Exercise requirements: Find the line with "line L3 (8.475, -8.9) -> (-8.475, -8.9)" and the line with "(-8.475, -2, -8.1)" in the entries below; output exactly those two lines, every line between them, and no others.

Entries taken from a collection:
============

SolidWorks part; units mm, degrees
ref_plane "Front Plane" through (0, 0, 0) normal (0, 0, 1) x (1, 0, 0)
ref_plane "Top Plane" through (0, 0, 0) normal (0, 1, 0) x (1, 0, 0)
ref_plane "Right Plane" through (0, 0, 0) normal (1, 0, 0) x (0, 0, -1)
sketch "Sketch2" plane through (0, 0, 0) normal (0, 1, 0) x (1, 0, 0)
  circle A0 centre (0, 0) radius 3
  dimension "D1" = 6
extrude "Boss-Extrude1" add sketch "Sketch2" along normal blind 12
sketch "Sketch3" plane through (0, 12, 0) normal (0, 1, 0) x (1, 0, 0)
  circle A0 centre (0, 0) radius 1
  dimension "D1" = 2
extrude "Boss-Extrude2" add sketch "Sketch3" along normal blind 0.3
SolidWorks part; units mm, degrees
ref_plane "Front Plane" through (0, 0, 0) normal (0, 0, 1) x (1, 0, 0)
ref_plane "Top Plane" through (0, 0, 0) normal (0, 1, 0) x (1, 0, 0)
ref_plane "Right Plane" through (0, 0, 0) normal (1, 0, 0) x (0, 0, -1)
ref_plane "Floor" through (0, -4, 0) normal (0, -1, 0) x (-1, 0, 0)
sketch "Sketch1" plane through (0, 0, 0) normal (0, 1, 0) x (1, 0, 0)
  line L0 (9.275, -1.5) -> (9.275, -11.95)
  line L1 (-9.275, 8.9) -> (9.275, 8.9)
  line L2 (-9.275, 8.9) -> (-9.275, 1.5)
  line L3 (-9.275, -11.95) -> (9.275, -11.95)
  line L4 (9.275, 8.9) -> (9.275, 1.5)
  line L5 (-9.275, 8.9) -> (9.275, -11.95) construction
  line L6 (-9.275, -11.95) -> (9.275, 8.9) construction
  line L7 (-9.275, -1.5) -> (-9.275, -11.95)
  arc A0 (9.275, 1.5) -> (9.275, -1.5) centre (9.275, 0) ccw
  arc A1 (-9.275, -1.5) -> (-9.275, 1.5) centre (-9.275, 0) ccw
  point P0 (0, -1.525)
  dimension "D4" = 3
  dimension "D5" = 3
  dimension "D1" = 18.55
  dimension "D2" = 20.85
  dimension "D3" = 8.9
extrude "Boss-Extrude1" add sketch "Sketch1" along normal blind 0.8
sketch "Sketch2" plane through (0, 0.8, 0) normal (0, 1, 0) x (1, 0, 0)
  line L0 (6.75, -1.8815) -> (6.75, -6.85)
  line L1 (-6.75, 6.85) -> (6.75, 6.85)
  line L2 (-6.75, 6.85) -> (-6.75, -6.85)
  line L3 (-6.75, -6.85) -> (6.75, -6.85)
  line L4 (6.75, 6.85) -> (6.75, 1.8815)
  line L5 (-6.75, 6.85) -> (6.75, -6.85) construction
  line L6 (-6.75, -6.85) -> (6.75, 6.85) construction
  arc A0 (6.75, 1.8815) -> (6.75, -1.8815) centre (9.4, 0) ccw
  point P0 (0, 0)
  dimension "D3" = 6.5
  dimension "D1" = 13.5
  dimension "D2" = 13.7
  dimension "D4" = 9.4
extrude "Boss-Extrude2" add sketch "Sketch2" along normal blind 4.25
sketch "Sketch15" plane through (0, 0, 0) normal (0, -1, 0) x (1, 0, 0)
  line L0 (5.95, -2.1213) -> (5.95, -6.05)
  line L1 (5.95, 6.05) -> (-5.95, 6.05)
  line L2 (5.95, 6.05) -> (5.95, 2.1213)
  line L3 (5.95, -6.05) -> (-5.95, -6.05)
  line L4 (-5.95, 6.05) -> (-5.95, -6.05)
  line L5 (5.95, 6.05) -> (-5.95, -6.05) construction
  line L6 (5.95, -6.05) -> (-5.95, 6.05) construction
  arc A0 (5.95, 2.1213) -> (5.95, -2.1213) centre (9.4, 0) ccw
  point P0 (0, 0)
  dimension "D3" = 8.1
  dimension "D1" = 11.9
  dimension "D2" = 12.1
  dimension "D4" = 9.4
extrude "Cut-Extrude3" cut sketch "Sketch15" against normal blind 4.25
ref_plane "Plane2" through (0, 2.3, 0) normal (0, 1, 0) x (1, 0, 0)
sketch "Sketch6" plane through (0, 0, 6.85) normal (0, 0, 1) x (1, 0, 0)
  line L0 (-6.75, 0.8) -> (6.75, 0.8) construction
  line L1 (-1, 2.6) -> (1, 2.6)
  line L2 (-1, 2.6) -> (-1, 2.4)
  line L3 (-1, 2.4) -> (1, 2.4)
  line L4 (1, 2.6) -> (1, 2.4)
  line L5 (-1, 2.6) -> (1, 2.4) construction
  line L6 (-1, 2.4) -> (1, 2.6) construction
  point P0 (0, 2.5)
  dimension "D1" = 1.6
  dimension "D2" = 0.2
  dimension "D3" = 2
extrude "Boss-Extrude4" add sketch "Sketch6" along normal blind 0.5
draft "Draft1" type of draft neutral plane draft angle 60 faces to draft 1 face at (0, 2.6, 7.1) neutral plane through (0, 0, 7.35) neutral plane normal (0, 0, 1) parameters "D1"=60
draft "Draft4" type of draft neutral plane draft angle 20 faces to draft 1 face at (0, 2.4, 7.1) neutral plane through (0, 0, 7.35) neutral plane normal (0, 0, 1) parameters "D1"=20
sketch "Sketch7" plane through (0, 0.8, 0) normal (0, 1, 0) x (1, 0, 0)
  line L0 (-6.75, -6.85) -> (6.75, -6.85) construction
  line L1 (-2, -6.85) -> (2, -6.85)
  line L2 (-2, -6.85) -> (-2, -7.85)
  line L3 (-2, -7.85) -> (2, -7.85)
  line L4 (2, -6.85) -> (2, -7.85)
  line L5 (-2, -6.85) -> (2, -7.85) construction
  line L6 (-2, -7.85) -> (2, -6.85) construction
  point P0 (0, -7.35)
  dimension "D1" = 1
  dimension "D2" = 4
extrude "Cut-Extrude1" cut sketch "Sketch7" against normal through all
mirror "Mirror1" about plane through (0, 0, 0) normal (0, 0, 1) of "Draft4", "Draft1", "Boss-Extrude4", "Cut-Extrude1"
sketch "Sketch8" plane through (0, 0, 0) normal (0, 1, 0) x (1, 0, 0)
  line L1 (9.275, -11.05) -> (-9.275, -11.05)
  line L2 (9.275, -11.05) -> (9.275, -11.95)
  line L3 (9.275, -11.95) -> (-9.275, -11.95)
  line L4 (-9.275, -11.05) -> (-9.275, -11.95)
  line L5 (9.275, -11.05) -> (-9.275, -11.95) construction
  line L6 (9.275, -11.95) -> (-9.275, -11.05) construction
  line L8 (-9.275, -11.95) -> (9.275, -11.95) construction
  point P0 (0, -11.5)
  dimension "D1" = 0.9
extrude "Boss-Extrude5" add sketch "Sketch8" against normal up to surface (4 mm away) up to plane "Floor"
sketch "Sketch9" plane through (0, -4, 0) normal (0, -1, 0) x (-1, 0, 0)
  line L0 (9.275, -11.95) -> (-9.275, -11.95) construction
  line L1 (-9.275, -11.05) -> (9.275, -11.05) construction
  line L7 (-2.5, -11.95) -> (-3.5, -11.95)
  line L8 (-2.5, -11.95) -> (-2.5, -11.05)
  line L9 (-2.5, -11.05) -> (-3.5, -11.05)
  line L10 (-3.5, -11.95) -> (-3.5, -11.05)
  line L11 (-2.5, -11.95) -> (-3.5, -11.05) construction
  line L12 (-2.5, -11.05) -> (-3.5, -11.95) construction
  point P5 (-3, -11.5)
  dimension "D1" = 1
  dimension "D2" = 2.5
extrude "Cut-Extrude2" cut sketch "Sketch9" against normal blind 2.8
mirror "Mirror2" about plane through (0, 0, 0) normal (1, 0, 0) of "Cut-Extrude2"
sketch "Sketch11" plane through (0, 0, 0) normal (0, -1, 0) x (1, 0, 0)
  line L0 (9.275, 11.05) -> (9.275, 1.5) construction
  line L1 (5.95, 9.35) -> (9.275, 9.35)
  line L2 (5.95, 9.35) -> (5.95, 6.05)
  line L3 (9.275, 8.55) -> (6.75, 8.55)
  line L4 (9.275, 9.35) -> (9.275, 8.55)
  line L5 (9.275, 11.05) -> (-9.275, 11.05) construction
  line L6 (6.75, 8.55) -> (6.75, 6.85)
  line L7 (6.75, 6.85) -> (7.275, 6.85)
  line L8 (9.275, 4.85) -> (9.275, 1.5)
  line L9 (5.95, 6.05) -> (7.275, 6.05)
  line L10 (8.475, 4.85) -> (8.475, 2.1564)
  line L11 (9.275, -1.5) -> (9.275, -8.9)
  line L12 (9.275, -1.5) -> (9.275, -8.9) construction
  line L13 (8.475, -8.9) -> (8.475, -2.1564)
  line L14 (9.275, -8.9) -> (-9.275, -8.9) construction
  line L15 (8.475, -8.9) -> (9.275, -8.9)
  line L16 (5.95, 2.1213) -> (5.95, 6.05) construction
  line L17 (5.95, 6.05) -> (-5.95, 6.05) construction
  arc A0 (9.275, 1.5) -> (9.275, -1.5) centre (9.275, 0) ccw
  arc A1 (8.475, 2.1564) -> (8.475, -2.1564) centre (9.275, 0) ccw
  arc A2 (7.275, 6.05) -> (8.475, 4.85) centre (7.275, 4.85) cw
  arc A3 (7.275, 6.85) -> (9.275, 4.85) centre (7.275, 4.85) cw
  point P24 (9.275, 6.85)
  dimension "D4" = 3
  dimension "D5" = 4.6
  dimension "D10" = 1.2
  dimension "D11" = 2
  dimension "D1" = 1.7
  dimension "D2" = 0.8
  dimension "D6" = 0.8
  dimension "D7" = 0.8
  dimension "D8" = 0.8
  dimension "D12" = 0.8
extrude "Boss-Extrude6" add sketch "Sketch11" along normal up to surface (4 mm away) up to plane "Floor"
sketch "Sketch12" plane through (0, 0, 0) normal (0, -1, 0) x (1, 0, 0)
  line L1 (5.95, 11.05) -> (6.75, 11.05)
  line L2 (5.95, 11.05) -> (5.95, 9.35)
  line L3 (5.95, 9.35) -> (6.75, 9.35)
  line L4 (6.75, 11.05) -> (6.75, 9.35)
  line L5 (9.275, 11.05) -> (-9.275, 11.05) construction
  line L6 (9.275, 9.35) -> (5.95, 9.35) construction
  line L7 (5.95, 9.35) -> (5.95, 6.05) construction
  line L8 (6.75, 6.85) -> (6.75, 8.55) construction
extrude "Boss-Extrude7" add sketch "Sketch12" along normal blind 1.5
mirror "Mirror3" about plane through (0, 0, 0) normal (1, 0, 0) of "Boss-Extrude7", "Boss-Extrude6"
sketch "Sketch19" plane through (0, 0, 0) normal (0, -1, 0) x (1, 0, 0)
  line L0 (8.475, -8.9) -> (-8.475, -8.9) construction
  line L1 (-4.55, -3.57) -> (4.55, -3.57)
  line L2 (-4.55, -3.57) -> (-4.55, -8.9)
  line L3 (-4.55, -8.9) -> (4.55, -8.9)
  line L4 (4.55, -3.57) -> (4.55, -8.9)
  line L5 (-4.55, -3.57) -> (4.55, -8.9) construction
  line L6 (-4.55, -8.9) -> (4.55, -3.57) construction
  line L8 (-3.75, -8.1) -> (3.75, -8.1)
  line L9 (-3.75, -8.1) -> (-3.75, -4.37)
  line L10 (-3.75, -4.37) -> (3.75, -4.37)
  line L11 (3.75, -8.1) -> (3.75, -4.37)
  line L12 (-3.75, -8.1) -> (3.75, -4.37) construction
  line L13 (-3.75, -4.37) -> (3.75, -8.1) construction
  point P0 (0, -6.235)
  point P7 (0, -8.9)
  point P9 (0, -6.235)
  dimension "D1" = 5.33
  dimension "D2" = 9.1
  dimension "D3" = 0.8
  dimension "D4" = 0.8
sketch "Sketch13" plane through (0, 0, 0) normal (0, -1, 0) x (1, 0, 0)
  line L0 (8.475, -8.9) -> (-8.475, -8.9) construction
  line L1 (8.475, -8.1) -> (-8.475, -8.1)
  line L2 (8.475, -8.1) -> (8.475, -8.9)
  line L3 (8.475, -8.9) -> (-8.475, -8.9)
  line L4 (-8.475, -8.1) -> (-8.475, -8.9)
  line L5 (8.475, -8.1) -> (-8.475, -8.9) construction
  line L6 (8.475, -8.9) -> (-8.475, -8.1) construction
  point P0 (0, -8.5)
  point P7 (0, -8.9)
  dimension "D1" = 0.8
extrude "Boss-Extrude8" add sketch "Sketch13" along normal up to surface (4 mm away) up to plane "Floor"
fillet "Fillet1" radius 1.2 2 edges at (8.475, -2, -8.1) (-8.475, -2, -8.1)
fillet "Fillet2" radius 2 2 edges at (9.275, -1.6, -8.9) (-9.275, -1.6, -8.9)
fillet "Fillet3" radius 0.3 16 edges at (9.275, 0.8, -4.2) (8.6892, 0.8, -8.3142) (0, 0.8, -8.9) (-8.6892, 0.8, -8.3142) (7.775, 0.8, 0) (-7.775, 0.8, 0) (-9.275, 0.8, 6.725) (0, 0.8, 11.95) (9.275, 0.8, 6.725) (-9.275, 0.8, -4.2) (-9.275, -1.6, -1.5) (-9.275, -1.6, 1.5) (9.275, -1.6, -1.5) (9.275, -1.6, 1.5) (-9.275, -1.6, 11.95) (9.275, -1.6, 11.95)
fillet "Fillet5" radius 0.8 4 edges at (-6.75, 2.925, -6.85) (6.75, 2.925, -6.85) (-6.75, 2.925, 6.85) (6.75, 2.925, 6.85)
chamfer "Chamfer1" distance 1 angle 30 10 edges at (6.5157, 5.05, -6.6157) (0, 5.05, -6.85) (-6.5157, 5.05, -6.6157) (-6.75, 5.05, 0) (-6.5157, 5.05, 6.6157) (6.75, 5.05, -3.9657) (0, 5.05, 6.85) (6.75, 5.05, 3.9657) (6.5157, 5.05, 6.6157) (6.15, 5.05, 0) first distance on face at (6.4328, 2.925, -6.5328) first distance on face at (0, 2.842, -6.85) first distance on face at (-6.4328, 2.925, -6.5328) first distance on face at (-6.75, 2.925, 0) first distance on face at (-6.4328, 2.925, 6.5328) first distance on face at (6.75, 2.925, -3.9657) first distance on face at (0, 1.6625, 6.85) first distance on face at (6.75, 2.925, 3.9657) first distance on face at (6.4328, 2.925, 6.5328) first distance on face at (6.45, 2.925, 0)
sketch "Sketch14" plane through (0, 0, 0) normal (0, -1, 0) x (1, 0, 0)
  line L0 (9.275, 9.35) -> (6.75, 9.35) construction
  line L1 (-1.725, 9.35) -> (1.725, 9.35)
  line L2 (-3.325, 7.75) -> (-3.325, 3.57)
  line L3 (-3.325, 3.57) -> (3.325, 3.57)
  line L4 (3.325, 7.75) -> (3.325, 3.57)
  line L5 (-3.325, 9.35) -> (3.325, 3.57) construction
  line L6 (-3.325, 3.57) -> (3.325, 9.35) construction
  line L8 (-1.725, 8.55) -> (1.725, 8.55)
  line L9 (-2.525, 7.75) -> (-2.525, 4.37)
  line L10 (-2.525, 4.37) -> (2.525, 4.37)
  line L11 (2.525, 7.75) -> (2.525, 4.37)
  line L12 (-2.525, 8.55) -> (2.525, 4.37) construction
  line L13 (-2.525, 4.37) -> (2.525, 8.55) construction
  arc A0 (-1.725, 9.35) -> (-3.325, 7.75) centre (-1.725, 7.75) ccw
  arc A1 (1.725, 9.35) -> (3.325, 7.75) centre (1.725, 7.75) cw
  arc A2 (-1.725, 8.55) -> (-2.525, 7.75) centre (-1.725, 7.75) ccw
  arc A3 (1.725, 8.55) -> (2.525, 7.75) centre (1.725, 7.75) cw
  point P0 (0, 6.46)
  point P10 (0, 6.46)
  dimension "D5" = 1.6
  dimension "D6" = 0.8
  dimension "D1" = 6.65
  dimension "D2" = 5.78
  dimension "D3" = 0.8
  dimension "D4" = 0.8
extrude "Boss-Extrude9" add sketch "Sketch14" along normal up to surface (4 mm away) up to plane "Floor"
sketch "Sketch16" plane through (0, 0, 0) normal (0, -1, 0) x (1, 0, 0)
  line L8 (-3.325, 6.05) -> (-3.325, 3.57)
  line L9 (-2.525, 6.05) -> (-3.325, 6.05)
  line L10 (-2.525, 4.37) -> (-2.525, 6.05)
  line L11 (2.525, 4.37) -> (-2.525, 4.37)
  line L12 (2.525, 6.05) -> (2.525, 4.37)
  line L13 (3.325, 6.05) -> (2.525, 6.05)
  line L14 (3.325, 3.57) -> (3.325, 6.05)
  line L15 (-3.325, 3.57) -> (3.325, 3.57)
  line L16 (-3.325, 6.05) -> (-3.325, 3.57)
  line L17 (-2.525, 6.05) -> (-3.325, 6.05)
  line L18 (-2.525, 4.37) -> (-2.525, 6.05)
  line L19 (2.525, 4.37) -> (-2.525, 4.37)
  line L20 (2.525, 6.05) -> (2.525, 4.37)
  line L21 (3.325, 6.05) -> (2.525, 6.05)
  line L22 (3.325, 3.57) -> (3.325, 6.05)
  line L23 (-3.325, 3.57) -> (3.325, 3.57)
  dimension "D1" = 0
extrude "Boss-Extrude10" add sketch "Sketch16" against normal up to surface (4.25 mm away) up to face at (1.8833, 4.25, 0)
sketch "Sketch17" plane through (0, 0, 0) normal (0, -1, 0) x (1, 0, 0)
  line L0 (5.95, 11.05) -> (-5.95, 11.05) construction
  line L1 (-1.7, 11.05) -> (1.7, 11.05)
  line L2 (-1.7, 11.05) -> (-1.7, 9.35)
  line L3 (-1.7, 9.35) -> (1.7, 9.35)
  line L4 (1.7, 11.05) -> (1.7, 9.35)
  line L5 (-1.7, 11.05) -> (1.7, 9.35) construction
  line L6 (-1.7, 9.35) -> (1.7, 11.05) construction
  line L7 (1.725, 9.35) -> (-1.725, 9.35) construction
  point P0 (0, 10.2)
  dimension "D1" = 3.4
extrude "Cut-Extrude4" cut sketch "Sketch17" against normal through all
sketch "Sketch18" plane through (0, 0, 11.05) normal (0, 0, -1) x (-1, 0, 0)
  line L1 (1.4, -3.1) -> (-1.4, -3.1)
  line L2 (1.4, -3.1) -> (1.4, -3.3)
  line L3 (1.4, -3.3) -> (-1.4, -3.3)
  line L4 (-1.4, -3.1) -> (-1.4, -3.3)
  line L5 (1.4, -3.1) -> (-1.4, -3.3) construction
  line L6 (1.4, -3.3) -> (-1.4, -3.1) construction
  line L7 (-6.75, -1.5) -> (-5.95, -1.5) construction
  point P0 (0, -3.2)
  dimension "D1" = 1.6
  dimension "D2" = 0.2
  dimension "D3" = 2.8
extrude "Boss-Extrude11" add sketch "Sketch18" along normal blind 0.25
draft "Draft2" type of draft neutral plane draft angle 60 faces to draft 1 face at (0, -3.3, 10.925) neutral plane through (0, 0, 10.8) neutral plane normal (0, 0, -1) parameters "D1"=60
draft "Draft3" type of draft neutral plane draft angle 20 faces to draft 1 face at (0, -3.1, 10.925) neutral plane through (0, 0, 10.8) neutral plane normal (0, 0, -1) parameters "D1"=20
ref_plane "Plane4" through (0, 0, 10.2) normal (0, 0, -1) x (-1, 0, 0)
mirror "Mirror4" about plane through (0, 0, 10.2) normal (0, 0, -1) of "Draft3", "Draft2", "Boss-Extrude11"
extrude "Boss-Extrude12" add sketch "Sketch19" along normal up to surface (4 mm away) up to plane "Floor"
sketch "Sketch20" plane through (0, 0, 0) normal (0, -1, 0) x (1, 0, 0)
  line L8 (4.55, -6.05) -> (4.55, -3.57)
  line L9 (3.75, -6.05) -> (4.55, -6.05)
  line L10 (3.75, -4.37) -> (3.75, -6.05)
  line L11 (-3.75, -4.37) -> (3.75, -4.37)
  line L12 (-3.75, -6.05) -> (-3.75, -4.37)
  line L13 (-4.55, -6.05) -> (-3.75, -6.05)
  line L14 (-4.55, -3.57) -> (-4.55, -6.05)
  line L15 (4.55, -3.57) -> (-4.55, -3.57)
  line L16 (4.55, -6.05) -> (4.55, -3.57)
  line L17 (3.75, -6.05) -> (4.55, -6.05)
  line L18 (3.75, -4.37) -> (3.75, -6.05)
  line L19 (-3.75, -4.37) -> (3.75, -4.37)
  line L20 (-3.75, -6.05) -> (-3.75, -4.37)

============

Solution for this task:
  line L3 (8.475, -8.9) -> (-8.475, -8.9)
  line L4 (-8.475, -8.1) -> (-8.475, -8.9)
  line L5 (8.475, -8.1) -> (-8.475, -8.9) construction
  line L6 (8.475, -8.9) -> (-8.475, -8.1) construction
  point P0 (0, -8.5)
  point P7 (0, -8.9)
  dimension "D1" = 0.8
extrude "Boss-Extrude8" add sketch "Sketch13" along normal up to surface (4 mm away) up to plane "Floor"
fillet "Fillet1" radius 1.2 2 edges at (8.475, -2, -8.1) (-8.475, -2, -8.1)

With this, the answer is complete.